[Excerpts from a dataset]
• • • •

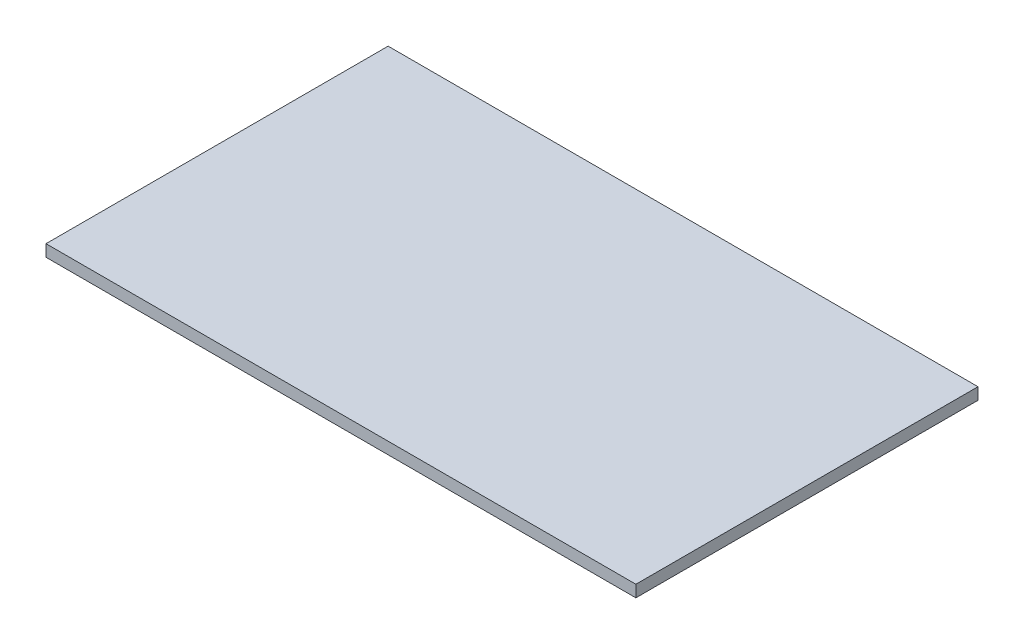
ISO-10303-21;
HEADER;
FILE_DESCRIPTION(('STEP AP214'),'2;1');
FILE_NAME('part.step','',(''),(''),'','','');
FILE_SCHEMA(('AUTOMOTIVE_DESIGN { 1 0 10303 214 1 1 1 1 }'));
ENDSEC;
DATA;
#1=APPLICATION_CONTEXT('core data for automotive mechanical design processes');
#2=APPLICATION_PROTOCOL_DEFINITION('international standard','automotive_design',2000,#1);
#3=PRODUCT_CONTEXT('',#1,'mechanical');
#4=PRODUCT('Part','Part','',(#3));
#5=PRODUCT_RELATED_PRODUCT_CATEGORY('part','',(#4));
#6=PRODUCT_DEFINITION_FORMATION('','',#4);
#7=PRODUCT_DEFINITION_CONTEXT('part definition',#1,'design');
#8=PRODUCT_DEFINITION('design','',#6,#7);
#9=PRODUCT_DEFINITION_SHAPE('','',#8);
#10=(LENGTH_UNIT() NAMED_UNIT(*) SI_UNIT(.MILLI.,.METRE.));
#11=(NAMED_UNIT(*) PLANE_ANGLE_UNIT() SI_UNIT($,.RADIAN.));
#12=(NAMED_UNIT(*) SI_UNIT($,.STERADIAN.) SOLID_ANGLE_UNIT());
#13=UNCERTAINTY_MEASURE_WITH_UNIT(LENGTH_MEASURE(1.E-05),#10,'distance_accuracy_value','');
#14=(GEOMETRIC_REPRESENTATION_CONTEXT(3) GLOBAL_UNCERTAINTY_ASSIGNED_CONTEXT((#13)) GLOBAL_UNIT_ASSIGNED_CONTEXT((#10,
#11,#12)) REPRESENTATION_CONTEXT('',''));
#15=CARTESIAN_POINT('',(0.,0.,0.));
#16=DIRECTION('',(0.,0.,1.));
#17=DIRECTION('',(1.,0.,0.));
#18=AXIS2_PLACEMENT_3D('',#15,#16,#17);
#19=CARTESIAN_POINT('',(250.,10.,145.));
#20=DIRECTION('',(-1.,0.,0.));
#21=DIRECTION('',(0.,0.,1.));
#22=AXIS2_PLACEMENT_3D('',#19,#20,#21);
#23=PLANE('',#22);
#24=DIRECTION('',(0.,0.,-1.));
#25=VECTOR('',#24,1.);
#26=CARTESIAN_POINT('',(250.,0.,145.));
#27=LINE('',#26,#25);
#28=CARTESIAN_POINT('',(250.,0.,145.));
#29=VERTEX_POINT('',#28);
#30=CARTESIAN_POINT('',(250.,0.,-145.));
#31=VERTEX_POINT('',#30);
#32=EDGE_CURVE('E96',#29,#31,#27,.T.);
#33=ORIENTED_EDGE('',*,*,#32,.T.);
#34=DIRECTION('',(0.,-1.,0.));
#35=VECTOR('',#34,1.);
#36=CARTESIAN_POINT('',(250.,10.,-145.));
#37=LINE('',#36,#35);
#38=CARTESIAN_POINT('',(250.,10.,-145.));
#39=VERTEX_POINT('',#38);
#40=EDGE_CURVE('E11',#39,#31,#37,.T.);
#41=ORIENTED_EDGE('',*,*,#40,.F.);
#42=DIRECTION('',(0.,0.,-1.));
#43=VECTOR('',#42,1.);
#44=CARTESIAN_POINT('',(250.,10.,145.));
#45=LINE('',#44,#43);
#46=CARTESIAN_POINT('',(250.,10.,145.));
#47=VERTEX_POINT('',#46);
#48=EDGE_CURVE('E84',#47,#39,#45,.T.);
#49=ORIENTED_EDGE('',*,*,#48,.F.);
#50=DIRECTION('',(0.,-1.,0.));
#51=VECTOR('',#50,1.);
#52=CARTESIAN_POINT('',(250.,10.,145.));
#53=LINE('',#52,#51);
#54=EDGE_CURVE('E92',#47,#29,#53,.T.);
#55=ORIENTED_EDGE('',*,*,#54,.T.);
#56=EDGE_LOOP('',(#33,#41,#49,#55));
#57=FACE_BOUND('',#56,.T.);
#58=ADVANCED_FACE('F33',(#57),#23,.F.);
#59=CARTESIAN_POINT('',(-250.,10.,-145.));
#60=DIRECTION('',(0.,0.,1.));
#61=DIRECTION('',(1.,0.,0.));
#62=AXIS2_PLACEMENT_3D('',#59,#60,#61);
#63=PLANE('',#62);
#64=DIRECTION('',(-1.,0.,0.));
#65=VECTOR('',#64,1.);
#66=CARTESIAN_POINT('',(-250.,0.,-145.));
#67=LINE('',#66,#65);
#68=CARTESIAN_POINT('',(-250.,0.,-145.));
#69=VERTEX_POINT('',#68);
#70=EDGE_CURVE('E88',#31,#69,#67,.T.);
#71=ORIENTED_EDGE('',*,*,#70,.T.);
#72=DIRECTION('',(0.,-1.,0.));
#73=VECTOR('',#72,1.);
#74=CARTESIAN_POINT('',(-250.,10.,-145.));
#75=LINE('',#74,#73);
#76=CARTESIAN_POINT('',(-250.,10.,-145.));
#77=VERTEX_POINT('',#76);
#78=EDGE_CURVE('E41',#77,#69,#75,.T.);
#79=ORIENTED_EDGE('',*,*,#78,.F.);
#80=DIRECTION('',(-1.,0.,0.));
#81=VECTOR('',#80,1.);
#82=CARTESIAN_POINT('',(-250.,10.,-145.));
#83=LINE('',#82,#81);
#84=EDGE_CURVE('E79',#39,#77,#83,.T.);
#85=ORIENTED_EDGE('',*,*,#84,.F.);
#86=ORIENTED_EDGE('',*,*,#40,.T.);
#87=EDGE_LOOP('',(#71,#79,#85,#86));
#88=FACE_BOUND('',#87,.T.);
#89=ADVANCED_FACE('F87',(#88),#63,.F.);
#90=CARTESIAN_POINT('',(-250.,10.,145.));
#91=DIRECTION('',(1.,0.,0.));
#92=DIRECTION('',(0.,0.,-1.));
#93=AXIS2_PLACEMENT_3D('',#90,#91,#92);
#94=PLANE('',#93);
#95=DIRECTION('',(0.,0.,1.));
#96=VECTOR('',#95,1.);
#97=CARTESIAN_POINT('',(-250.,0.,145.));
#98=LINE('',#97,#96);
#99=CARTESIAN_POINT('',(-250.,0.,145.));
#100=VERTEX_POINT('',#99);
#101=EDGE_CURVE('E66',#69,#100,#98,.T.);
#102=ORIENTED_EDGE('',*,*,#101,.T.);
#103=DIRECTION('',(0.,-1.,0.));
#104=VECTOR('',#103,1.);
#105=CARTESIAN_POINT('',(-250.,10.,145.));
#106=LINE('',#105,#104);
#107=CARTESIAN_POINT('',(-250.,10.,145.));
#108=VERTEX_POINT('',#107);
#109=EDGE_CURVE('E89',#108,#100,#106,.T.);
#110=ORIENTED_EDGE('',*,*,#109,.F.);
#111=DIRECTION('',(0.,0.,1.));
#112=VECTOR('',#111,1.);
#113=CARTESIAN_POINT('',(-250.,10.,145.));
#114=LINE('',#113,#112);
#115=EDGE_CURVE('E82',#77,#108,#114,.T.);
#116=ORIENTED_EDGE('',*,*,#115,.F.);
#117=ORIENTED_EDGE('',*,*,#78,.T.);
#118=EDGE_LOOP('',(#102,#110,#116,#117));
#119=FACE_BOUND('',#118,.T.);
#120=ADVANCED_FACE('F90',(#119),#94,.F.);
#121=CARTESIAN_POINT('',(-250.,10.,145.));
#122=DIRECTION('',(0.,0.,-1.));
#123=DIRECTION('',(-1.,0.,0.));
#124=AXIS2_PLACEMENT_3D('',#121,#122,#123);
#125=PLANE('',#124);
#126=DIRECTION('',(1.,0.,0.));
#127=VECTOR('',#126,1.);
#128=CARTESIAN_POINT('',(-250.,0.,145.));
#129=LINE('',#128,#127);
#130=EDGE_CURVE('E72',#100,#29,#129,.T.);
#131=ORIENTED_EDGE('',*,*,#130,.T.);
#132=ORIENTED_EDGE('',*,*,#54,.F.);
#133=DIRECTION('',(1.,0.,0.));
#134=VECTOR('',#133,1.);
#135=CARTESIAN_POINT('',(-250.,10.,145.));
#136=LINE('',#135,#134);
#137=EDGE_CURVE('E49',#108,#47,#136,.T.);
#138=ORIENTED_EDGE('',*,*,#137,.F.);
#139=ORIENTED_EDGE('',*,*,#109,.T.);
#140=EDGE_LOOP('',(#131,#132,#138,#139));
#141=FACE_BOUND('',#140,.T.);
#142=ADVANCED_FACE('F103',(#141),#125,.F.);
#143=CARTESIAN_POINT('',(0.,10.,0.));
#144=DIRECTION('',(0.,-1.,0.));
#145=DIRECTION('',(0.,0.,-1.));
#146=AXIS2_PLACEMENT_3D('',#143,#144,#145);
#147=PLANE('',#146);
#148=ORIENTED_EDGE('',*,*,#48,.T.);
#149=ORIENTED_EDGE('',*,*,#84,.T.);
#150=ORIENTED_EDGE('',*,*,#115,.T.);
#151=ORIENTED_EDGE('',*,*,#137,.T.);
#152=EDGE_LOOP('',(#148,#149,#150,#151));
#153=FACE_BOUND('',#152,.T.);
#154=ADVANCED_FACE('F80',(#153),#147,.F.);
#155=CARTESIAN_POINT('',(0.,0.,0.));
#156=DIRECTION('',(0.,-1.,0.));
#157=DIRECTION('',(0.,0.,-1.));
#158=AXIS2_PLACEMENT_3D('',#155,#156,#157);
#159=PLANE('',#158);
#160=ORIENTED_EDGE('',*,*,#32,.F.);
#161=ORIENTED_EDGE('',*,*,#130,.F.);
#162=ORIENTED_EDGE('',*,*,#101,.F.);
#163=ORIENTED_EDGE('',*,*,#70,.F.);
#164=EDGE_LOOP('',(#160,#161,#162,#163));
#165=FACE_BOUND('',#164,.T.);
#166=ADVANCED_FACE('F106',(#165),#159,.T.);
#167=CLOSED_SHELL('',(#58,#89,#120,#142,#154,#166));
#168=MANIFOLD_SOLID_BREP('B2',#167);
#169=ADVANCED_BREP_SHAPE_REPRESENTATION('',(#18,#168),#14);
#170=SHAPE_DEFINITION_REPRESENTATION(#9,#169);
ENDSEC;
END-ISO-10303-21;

• • • •

Exercise requirements: All lines from the start of the entries above through the line containing "#1=APPLICATION_CONTEXT('core data for" are to be given again exactly; the pictures are not.

Task result:
ISO-10303-21;
HEADER;
FILE_DESCRIPTION(('STEP AP214'),'2;1');
FILE_NAME('part.step','',(''),(''),'','','');
FILE_SCHEMA(('AUTOMOTIVE_DESIGN { 1 0 10303 214 1 1 1 1 }'));
ENDSEC;
DATA;
#1=APPLICATION_CONTEXT('core data for automotive mechanical design processes');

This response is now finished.